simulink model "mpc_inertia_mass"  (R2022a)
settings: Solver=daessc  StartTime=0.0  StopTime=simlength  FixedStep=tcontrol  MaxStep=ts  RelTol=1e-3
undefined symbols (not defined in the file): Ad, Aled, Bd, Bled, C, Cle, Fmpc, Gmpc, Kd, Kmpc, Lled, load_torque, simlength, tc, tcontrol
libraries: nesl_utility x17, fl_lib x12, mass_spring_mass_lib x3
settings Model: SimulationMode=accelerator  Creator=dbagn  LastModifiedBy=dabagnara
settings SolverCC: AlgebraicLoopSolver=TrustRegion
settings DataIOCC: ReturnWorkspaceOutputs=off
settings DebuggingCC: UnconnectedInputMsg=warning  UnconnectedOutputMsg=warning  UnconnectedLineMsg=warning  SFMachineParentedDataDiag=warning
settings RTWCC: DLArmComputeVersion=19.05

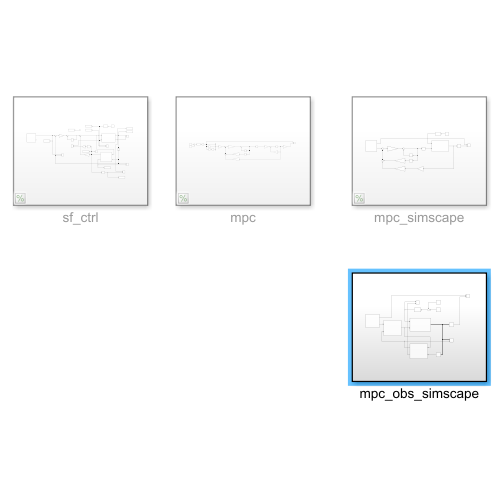
[thumbnail: Simulink's stored preview of the top-level diagram]
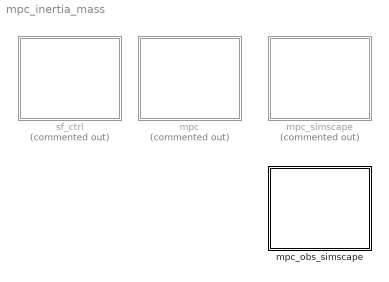
== system mpc_inertia_mass ==
  mpc : Subsystem  Commented=on
  mpc_obs_simscape : Subsystem
  mpc_simscape : Subsystem  Commented=on
  sf_ctrl : Subsystem  Commented=on

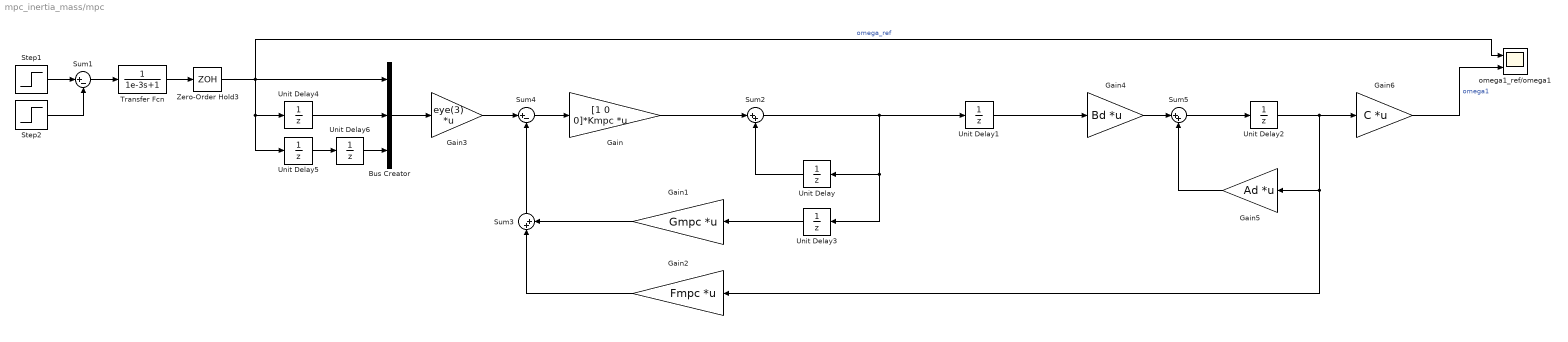
== system mpc_inertia_mass/mpc ==
  Bus Creator : BusCreator  Inputs=3
  Gain : Gain  Gain=[1 0 0]*Kmpc  Multiplication=Matrix(K*u)
  Gain1 : Gain  Gain=Gmpc  Multiplication=Matrix(K*u)
  Gain2 : Gain  Gain=Fmpc  Multiplication=Matrix(K*u)
  Gain3 : Gain  Gain=eye(3)  Multiplication=Matrix(K*u)
  Gain4 : Gain  Gain=Bd  Multiplication=Matrix(K*u)
  Gain5 : Gain  Gain=Ad  Multiplication=Matrix(K*u)
  Gain6 : Gain  Gain=C  Multiplication=Matrix(K*u)
  Step1 : Step  Time=0.2  SampleTime=0
  Step2 : Step  Time=simlength/2  SampleTime=0
  Sum1 : Sum  Inputs=|+-
  Sum2 : Sum  Inputs=|++
  Sum3 : Sum  Inputs=|++
  Sum4 : Sum  Inputs=|+-
  Sum5 : Sum  Inputs=|++
  Transfer Fcn : TransferFcn  Denominator=[1e-3 1]
  Unit Delay{,1..6} (7 alike) : UnitDelay  SampleTime=tcontrol  HasFrameUpgradeWarning=on
  Zero-Order Hold3 : ZeroOrderHold  SampleTime=tcontrol
  omega1_ref/omega1 : Scope  NumInputPorts=2
  wires:
  Step1/1 -> Sum1/1
  Step2/1 -> Sum1/2
  Gain/1 -> Sum2/1
  Unit Delay/1 -> Sum2/2
  Sum4/1 -> Gain/1
  Gain1/1 -> Sum3/2
  Sum3/1 -> Sum4/2
  Gain2/1 -> Sum3/1
  Gain4/1 -> Sum5/1
  Sum5/1 -> Unit Delay2/1
  Gain5/1 -> Sum5/2
  Gain6/1 -> omega1_ref/omega1/2  "omega1"
  Sum1/1 -> Transfer Fcn/1
  Transfer Fcn/1 -> Zero-Order Hold3/1
  Unit Delay3/1 -> Gain1/1
  Unit Delay2/1 -> Gain6/1, Gain2/1, Gain5/1
  Unit Delay5/1 -> Unit Delay6/1
  Unit Delay6/1 -> Bus Creator/3
  Unit Delay4/1 -> Bus Creator/2
  Zero-Order Hold3/1 -> Bus Creator/1, omega1_ref/omega1/1, Unit Delay5/1, Unit Delay4/1  "omega_ref"
  Bus Creator/1 -> Gain3/1
  Gain3/1 -> Sum4/1
  Sum2/1 -> Unit Delay1/1, Unit Delay3/1, Unit Delay/1
  Unit Delay1/1 -> Gain4/1

== system mpc_inertia_mass/mpc_obs_simscape ==
  Load_step : Step  Time=simlength/3  After=load_torque  SampleTime=0
  Load_step1 : Step  Time=2*simlength/3  After=-2*load_torque  SampleTime=0
  Selector : Selector  InputPortWidth=3  IndexOptions=Index vector (dialog)  Indices=[1 2]  OutputSizes=1
  Selector1 : Selector  InputPortWidth=3  IndexOptions=Index vector (dialog)  Indices=1  OutputSizes=1
  Sum : Sum  Inputs=++|
  Transfer Fcn : TransferFcn  Denominator=[1e-1 1]
  mpc : Subsystem
  observer td : Subsystem
  omega1_ref/omega1 : Scope  NumInputPorts=2
  omega1_ref/omega2 : Scope  NumInputPorts=2
  rference generator : Subsystem
  "simscape_plant " : Subsystem
  tau2/tau2_hat : Scope  NumInputPorts=2
  wires:
  Transfer Fcn/1 -> tau2/tau2_hat/1, "simscape_plant "/1(tau2)  "tau_2_flt"
  rference generator/1(omega_ref) -> omega1_ref/omega1/1
  "simscape_plant "/1(state) -> omega1_ref/omega2/1, Selector1/1, Selector/1  "omega1"
  Selector/1 -> omega1_ref/omega1/2  "omega12"
  Selector1/1 -> observer td/2(y)
  observer td/1(x_hat) -> omega1_ref/omega2/2, mpc/2(x_hat)
  observer td/2(tau2_hat) -> tau2/tau2_hat/2
  mpc/1(tau1) -> "simscape_plant "/2(tau1), observer td/1(u)
  rference generator/2(omega_ref_stack) -> mpc/1(yref)
  Load_step/1 -> Sum/2  "tau_2"
  Sum/1 -> Transfer Fcn/1
  Load_step1/1 -> Sum/1  "tau_2"

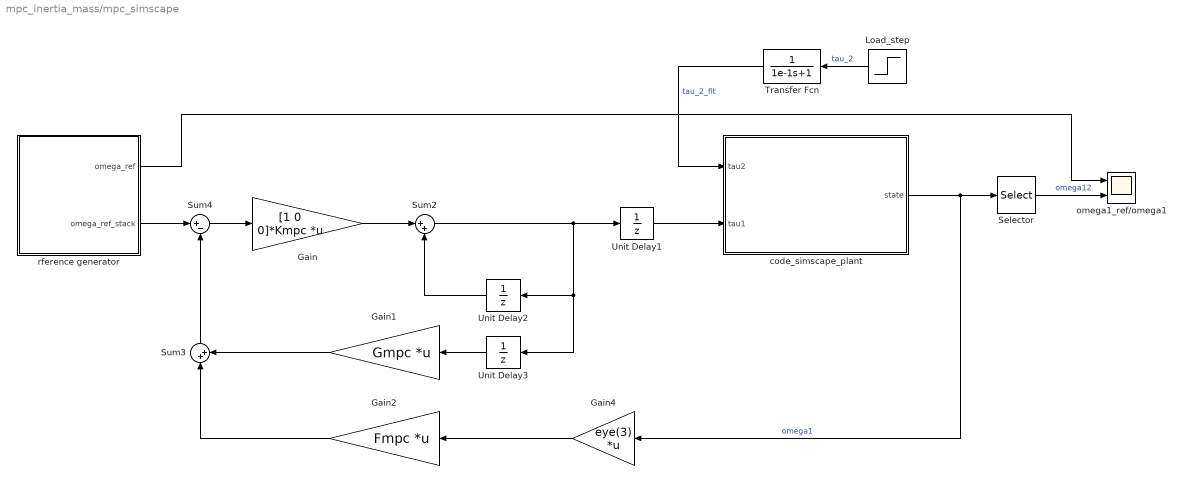
== system mpc_inertia_mass/mpc_simscape ==
  Gain : Gain  Gain=[1 0 0]*Kmpc  Multiplication=Matrix(K*u)
  Gain1 : Gain  Gain=Gmpc  Multiplication=Matrix(K*u)
  Gain2 : Gain  Gain=Fmpc  Multiplication=Matrix(K*u)
  Gain4 : Gain  Gain=eye(3)  Multiplication=Matrix(K*u)
  Load_step : Step  Time=simlength/3  After=load_torque  SampleTime=0
  Selector : Selector  InputPortWidth=3  IndexOptions=Index vector (dialog)  Indices=[1 2]  OutputSizes=1
  Sum2 : Sum  Inputs=|++
  Sum3 : Sum  Inputs=|++
  Sum4 : Sum  Inputs=|+-
  Transfer Fcn : TransferFcn  Denominator=[1e-1 1]
  Unit Delay1 : UnitDelay  SampleTime=tcontrol  HasFrameUpgradeWarning=on
  Unit Delay2 : UnitDelay  SampleTime=tcontrol  HasFrameUpgradeWarning=on
  Unit Delay3 : UnitDelay  SampleTime=tcontrol  HasFrameUpgradeWarning=on
  "code_simscape_plant " : Subsystem
  omega1_ref/omega1 : Scope  NumInputPorts=2
  rference generator : Subsystem
  wires:
  Selector/1 -> omega1_ref/omega1/2  "omega12"
  Gain2/1 -> Sum3/1
  Sum3/1 -> Sum4/2
  Gain1/1 -> Sum3/2
  Sum4/1 -> Gain/1
  Gain/1 -> Sum2/1
  "code_simscape_plant "/1(state) -> Selector/1, Gain4/1  "omega1"
  Gain4/1 -> Gain2/1
  Unit Delay2/1 -> Sum2/2
  Unit Delay3/1 -> Gain1/1
  Sum2/1 -> Unit Delay1/1, Unit Delay3/1, Unit Delay2/1
  Unit Delay1/1 -> "code_simscape_plant "/2(tau1)
  rference generator/1(omega_ref) -> omega1_ref/omega1/1
  rference generator/2(omega_ref_stack) -> Sum4/1
  Load_step/1 -> Transfer Fcn/1  "tau_2"
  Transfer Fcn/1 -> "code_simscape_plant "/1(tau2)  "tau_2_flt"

Your instructions>
Reproduce the lines from the one with "Unit Delay3 : UnitDelay" to the end of the data exactly, leaving out every earlier line.

Answer>
  Unit Delay3 : UnitDelay  SampleTime=tcontrol  HasFrameUpgradeWarning=on
  "code_simscape_plant " : Subsystem
  omega1_ref/omega1 : Scope  NumInputPorts=2
  rference generator : Subsystem
  wires:
  Selector/1 -> omega1_ref/omega1/2  "omega12"
  Gain2/1 -> Sum3/1
  Sum3/1 -> Sum4/2
  Gain1/1 -> Sum3/2
  Sum4/1 -> Gain/1
  Gain/1 -> Sum2/1
  "code_simscape_plant "/1(state) -> Selector/1, Gain4/1  "omega1"
  Gain4/1 -> Gain2/1
  Unit Delay2/1 -> Sum2/2
  Unit Delay3/1 -> Gain1/1
  Sum2/1 -> Unit Delay1/1, Unit Delay3/1, Unit Delay2/1
  Unit Delay1/1 -> "code_simscape_plant "/2(tau1)
  rference generator/1(omega_ref) -> omega1_ref/omega1/1
  rference generator/2(omega_ref_stack) -> Sum4/1
  Load_step/1 -> Transfer Fcn/1  "tau_2"
  Transfer Fcn/1 -> "code_simscape_plant "/1(tau2)  "tau_2_flt"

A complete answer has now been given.